Your task is to copy the stretch of lines in the records below that begins with the line containing "#183=CIRCLE('',#182,2.01930000000003);" and ends with the line containing "#191=DIRECTION('',(0.,0.,1.));", exactly as written, with nothing added.

*DATA EXTRACT*
=-=-=

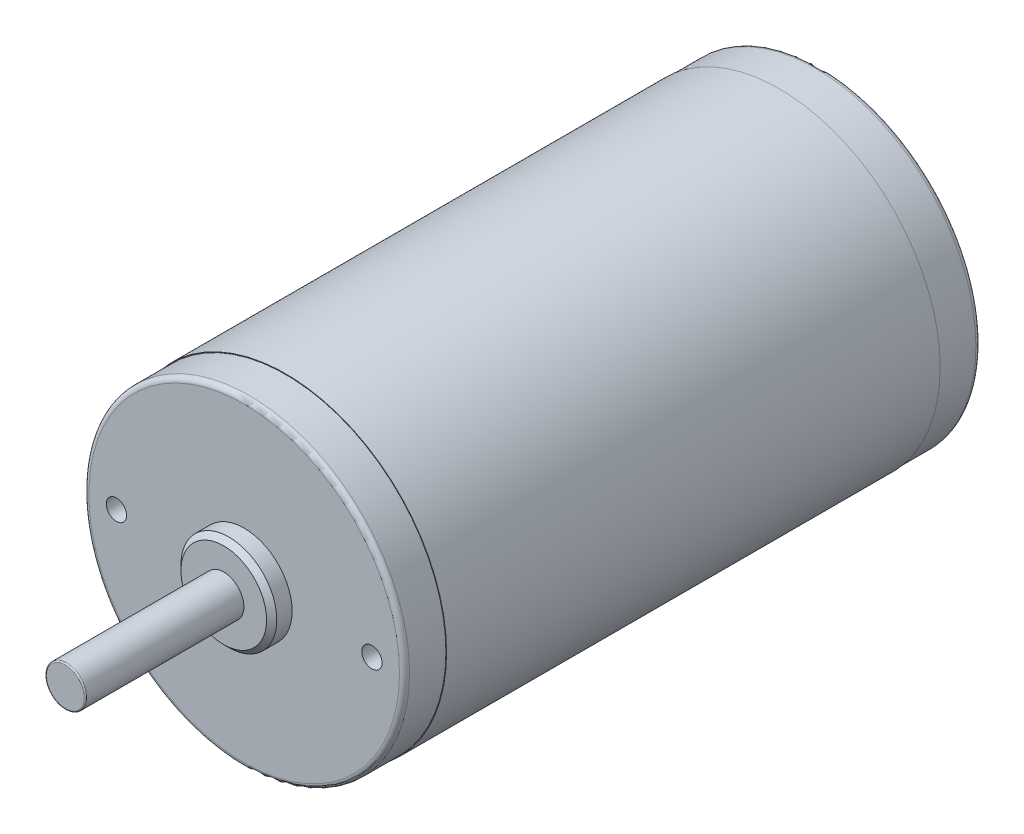
ISO-10303-21;
HEADER;
FILE_DESCRIPTION(('STEP AP214'),'2;1');
FILE_NAME('part.step','',(''),(''),'','','');
FILE_SCHEMA(('AUTOMOTIVE_DESIGN { 1 0 10303 214 1 1 1 1 }'));
ENDSEC;
DATA;
#1=APPLICATION_CONTEXT('core data for automotive mechanical design processes');
#2=APPLICATION_PROTOCOL_DEFINITION('international standard','automotive_design',2000,#1);
#3=PRODUCT_CONTEXT('',#1,'mechanical');
#4=PRODUCT('Part','Part','',(#3));
#5=PRODUCT_RELATED_PRODUCT_CATEGORY('part','',(#4));
#6=PRODUCT_DEFINITION_FORMATION('','',#4);
#7=PRODUCT_DEFINITION_CONTEXT('part definition',#1,'design');
#8=PRODUCT_DEFINITION('design','',#6,#7);
#9=PRODUCT_DEFINITION_SHAPE('','',#8);
#10=(LENGTH_UNIT() NAMED_UNIT(*) SI_UNIT(.MILLI.,.METRE.));
#11=(NAMED_UNIT(*) PLANE_ANGLE_UNIT() SI_UNIT($,.RADIAN.));
#12=(NAMED_UNIT(*) SI_UNIT($,.STERADIAN.) SOLID_ANGLE_UNIT());
#13=UNCERTAINTY_MEASURE_WITH_UNIT(LENGTH_MEASURE(1.E-05),#10,'distance_accuracy_value','');
#14=(GEOMETRIC_REPRESENTATION_CONTEXT(3) GLOBAL_UNCERTAINTY_ASSIGNED_CONTEXT((#13)) GLOBAL_UNIT_ASSIGNED_CONTEXT((#10,
#11,#12)) REPRESENTATION_CONTEXT('',''));
#15=CARTESIAN_POINT('',(0.,0.,0.));
#16=DIRECTION('',(0.,0.,1.));
#17=DIRECTION('',(1.,0.,0.));
#18=AXIS2_PLACEMENT_3D('',#15,#16,#17);
#19=CARTESIAN_POINT('',(35.56,109.2962,-95.554799999998));
#20=DIRECTION('',(0.,0.,-1.));
#21=DIRECTION('',(-1.,0.,0.));
#22=AXIS2_PLACEMENT_3D('',#19,#20,#21);
#23=PLANE('',#22);
#24=CARTESIAN_POINT('',(35.56,109.2962,-95.554799999998));
#25=DIRECTION('',(0.,0.,-1.));
#26=DIRECTION('',(-1.,0.,0.));
#27=AXIS2_PLACEMENT_3D('',#24,#25,#26);
#28=CIRCLE('',#27,30.8770000000005);
#29=CARTESIAN_POINT('',(4.6829999999995,109.2962,-95.554799999998));
#30=VERTEX_POINT('',#29);
#31=EDGE_CURVE('E126',#30,#30,#28,.T.);
#32=ORIENTED_EDGE('',*,*,#31,.T.);
#33=EDGE_LOOP('',(#32));
#34=FACE_BOUND('',#33,.T.);
#35=CARTESIAN_POINT('',(35.56,109.2962,-95.554799999998));
#36=DIRECTION('',(0.,0.,-1.));
#37=DIRECTION('',(-1.,0.,0.));
#38=AXIS2_PLACEMENT_3D('',#35,#36,#37);
#39=CIRCLE('',#38,15.0368000000003);
#40=CARTESIAN_POINT('',(20.5231999999997,109.2962,-95.554799999998));
#41=VERTEX_POINT('',#40);
#42=EDGE_CURVE('E83',#41,#41,#39,.T.);
#43=ORIENTED_EDGE('',*,*,#42,.F.);
#44=EDGE_LOOP('',(#43));
#45=FACE_BOUND('',#44,.T.);
#46=ADVANCED_FACE('F40',(#34,#45),#23,.T.);
#47=CARTESIAN_POINT('',(35.56,109.2962,-87.325199999998));
#48=DIRECTION('',(0.,0.,-1.));
#49=DIRECTION('',(-1.,0.,0.));
#50=AXIS2_PLACEMENT_3D('',#47,#48,#49);
#51=PLANE('',#50);
#52=CARTESIAN_POINT('',(35.56,109.2962,-87.325199999998));
#53=DIRECTION('',(0.,0.,-1.));
#54=DIRECTION('',(-1.,0.,0.));
#55=AXIS2_PLACEMENT_3D('',#52,#53,#54);
#56=CIRCLE('',#55,32.0040000000005);
#57=CARTESIAN_POINT('',(3.5559999999995,109.2962,-87.325199999998));
#58=VERTEX_POINT('',#57);
#59=EDGE_CURVE('E98',#58,#58,#56,.T.);
#60=ORIENTED_EDGE('',*,*,#59,.T.);
#61=EDGE_LOOP('',(#60));
#62=FACE_BOUND('',#61,.T.);
#63=CARTESIAN_POINT('',(35.56,109.2962,-87.325199999998));
#64=DIRECTION('',(0.,0.,-1.));
#65=DIRECTION('',(-1.,0.,0.));
#66=AXIS2_PLACEMENT_3D('',#63,#64,#65);
#67=CIRCLE('',#66,31.8770000000005);
#68=CARTESIAN_POINT('',(3.6829999999995,109.2962,-87.325199999998));
#69=VERTEX_POINT('',#68);
#70=EDGE_CURVE('E86',#69,#69,#67,.T.);
#71=ORIENTED_EDGE('',*,*,#70,.F.);
#72=EDGE_LOOP('',(#71));
#73=FACE_BOUND('',#72,.T.);
#74=ADVANCED_FACE('F157',(#62,#73),#51,.T.);
#75=CARTESIAN_POINT('',(35.56,109.2962,23.114));
#76=DIRECTION('',(0.,0.,1.));
#77=DIRECTION('',(1.,0.,0.));
#78=AXIS2_PLACEMENT_3D('',#75,#76,#77);
#79=PLANE('',#78);
#80=CARTESIAN_POINT('',(35.56,109.2962,23.114));
#81=DIRECTION('',(0.,0.,1.));
#82=DIRECTION('',(1.,0.,0.));
#83=AXIS2_PLACEMENT_3D('',#80,#81,#82);
#84=CIRCLE('',#83,8.50900000182338);
#85=CARTESIAN_POINT('',(44.0690000018234,109.2962,23.114));
#86=VERTEX_POINT('',#85);
#87=EDGE_CURVE('E114',#86,#86,#84,.T.);
#88=ORIENTED_EDGE('',*,*,#87,.T.);
#89=EDGE_LOOP('',(#88));
#90=FACE_BOUND('',#89,.T.);
#91=CARTESIAN_POINT('',(35.56,109.2962,23.114));
#92=DIRECTION('',(0.,0.,1.));
#93=DIRECTION('',(1.,0.,0.));
#94=AXIS2_PLACEMENT_3D('',#91,#92,#93);
#95=CIRCLE('',#94,4.00000000000007);
#96=CARTESIAN_POINT('',(39.5600000000001,109.2962,23.114));
#97=VERTEX_POINT('',#96);
#98=EDGE_CURVE('E90',#97,#97,#95,.T.);
#99=ORIENTED_EDGE('',*,*,#98,.F.);
#100=EDGE_LOOP('',(#99));
#101=FACE_BOUND('',#100,.T.);
#102=ADVANCED_FACE('F163',(#90,#101),#79,.T.);
#103=CARTESIAN_POINT('',(67.5640000000005,109.2962,10.8204000000007));
#104=DIRECTION('',(0.,0.,1.));
#105=DIRECTION('',(1.,0.,0.));
#106=AXIS2_PLACEMENT_3D('',#103,#104,#105);
#107=PLANE('',#106);
#108=CARTESIAN_POINT('',(35.56,109.2962,10.8204000000007));
#109=DIRECTION('',(0.,0.,-1.));
#110=DIRECTION('',(-1.,0.,0.));
#111=AXIS2_PLACEMENT_3D('',#108,#109,#110);
#112=CIRCLE('',#111,32.0040000000005);
#113=CARTESIAN_POINT('',(3.5559999999995,109.2962,10.8204000000007));
#114=VERTEX_POINT('',#113);
#115=EDGE_CURVE('E102',#114,#114,#112,.T.);
#116=ORIENTED_EDGE('',*,*,#115,.F.);
#117=EDGE_LOOP('',(#116));
#118=FACE_BOUND('',#117,.T.);
#119=CARTESIAN_POINT('',(35.56,109.2962,10.8204000000007));
#120=DIRECTION('',(0.,0.,1.));
#121=DIRECTION('',(1.,0.,0.));
#122=AXIS2_PLACEMENT_3D('',#119,#120,#121);
#123=CIRCLE('',#122,31.8770000000005);
#124=CARTESIAN_POINT('',(67.4370000000005,109.2962,10.8204000000007));
#125=VERTEX_POINT('',#124);
#126=EDGE_CURVE('E94',#125,#125,#123,.T.);
#127=ORIENTED_EDGE('',*,*,#126,.F.);
#128=EDGE_LOOP('',(#127));
#129=FACE_BOUND('',#128,.T.);
#130=ADVANCED_FACE('F186',(#118,#129),#107,.T.);
#131=CARTESIAN_POINT('',(35.56,109.2962,10.8204000000007));
#132=DIRECTION('',(0.,0.,-1.));
#133=DIRECTION('',(-1.,0.,0.));
#134=AXIS2_PLACEMENT_3D('',#131,#132,#133);
#135=CYLINDRICAL_SURFACE('',#134,32.0040000000005);
#136=ORIENTED_EDGE('',*,*,#115,.T.);
#137=EDGE_LOOP('',(#136));
#138=FACE_BOUND('',#137,.T.);
#139=ORIENTED_EDGE('',*,*,#59,.F.);
#140=EDGE_LOOP('',(#139));
#141=FACE_BOUND('',#140,.T.);
#142=ADVANCED_FACE('F197',(#138,#141),#135,.T.);
#143=CARTESIAN_POINT('',(35.56,109.2962,19.05));
#144=DIRECTION('',(0.,0.,-1.));
#145=DIRECTION('',(-1.,0.,0.));
#146=AXIS2_PLACEMENT_3D('',#143,#144,#145);
#147=CYLINDRICAL_SURFACE('',#146,31.8770000000005);
#148=CARTESIAN_POINT('',(35.56,109.2962,18.05));
#149=DIRECTION('',(0.,0.,1.));
#150=DIRECTION('',(1.,0.,0.));
#151=AXIS2_PLACEMENT_3D('',#148,#149,#150);
#152=CIRCLE('',#151,31.8770000000005);
#153=CARTESIAN_POINT('',(67.4370000000005,109.2962,18.05));
#154=VERTEX_POINT('',#153);
#155=EDGE_CURVE('E138',#154,#154,#152,.F.);
#156=ORIENTED_EDGE('',*,*,#155,.T.);
#157=EDGE_LOOP('',(#156));
#158=FACE_BOUND('',#157,.T.);
#159=ORIENTED_EDGE('',*,*,#126,.T.);
#160=EDGE_LOOP('',(#159));
#161=FACE_BOUND('',#160,.T.);
#162=ADVANCED_FACE('F194',(#158,#161),#147,.T.);
#163=CARTESIAN_POINT('',(35.56,109.2962,19.05));
#164=DIRECTION('',(0.,0.,1.));
#165=DIRECTION('',(1.,0.,0.));
#166=AXIS2_PLACEMENT_3D('',#163,#164,#165);
#167=PLANE('',#166);
#168=CARTESIAN_POINT('',(35.56,109.2962,19.05));
#169=DIRECTION('',(0.,0.,1.));
#170=DIRECTION('',(1.,0.,0.));
#171=AXIS2_PLACEMENT_3D('',#168,#169,#170);
#172=CIRCLE('',#171,30.8770000000005);
#173=CARTESIAN_POINT('',(66.4370000000005,109.2962,19.05));
#174=VERTEX_POINT('',#173);
#175=EDGE_CURVE('E134',#174,#174,#172,.T.);
#176=ORIENTED_EDGE('',*,*,#175,.T.);
#177=EDGE_LOOP('',(#176));
#178=FACE_BOUND('',#177,.T.);
#179=CARTESIAN_POINT('',(10.1599999999994,109.2962,19.05));
#180=DIRECTION('',(0.,0.,1.));
#181=DIRECTION('',(1.,0.,0.));
#182=AXIS2_PLACEMENT_3D('',#179,#180,#181);
#183=CIRCLE('',#182,2.01930000000003);
#184=CARTESIAN_POINT('',(12.1792999999994,109.2962,19.05));
#185=VERTEX_POINT('',#184);
#186=EDGE_CURVE('E69',#185,#185,#183,.T.);
#187=ORIENTED_EDGE('',*,*,#186,.F.);
#188=EDGE_LOOP('',(#187));
#189=FACE_BOUND('',#188,.T.);
#190=CARTESIAN_POINT('',(60.96,109.2962,19.05));
#191=DIRECTION('',(0.,0.,1.));
#192=DIRECTION('',(1.,0.,0.));
#193=AXIS2_PLACEMENT_3D('',#190,#191,#192);
#194=CIRCLE('',#193,2.01930000000003);
#195=CARTESIAN_POINT('',(62.9793,109.2962,19.05));
#196=VERTEX_POINT('',#195);
#197=EDGE_CURVE('E68',#196,#196,#194,.T.);
#198=ORIENTED_EDGE('',*,*,#197,.F.);
#199=EDGE_LOOP('',(#198));
#200=FACE_BOUND('',#199,.T.);
#201=CARTESIAN_POINT('',(35.56,109.2962,19.05));
#202=DIRECTION('',(0.,0.,1.));
#203=DIRECTION('',(1.,0.,0.));
#204=AXIS2_PLACEMENT_3D('',#201,#202,#203);
#205=CIRCLE('',#204,9.52500000000019);
#206=CARTESIAN_POINT('',(45.0850000000002,109.2962,19.05));
#207=VERTEX_POINT('',#206);
#208=EDGE_CURVE('E106',#207,#207,#205,.T.);
#209=ORIENTED_EDGE('',*,*,#208,.F.);
#210=EDGE_LOOP('',(#209));
#211=FACE_BOUND('',#210,.T.);
#212=ADVANCED_FACE('F190',(#178,#189,#200,#211),#167,.T.);
#213=CARTESIAN_POINT('',(35.56,109.2962,23.114));
#214=DIRECTION('',(0.,0.,-1.));
#215=DIRECTION('',(-1.,0.,0.));
#216=AXIS2_PLACEMENT_3D('',#213,#214,#215);
#217=CYLINDRICAL_SURFACE('',#216,9.52500000000019);
#218=CARTESIAN_POINT('',(35.56,109.2962,22.0979999999996));
#219=DIRECTION('',(0.,0.,1.));
#220=DIRECTION('',(1.,0.,0.));
#221=AXIS2_PLACEMENT_3D('',#218,#219,#220);
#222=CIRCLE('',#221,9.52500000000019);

=-=-=

*OUTPUT FOR THIS TASK*
#183=CIRCLE('',#182,2.01930000000003);
#184=CARTESIAN_POINT('',(12.1792999999994,109.2962,19.05));
#185=VERTEX_POINT('',#184);
#186=EDGE_CURVE('E69',#185,#185,#183,.T.);
#187=ORIENTED_EDGE('',*,*,#186,.F.);
#188=EDGE_LOOP('',(#187));
#189=FACE_BOUND('',#188,.T.);
#190=CARTESIAN_POINT('',(60.96,109.2962,19.05));
#191=DIRECTION('',(0.,0.,1.));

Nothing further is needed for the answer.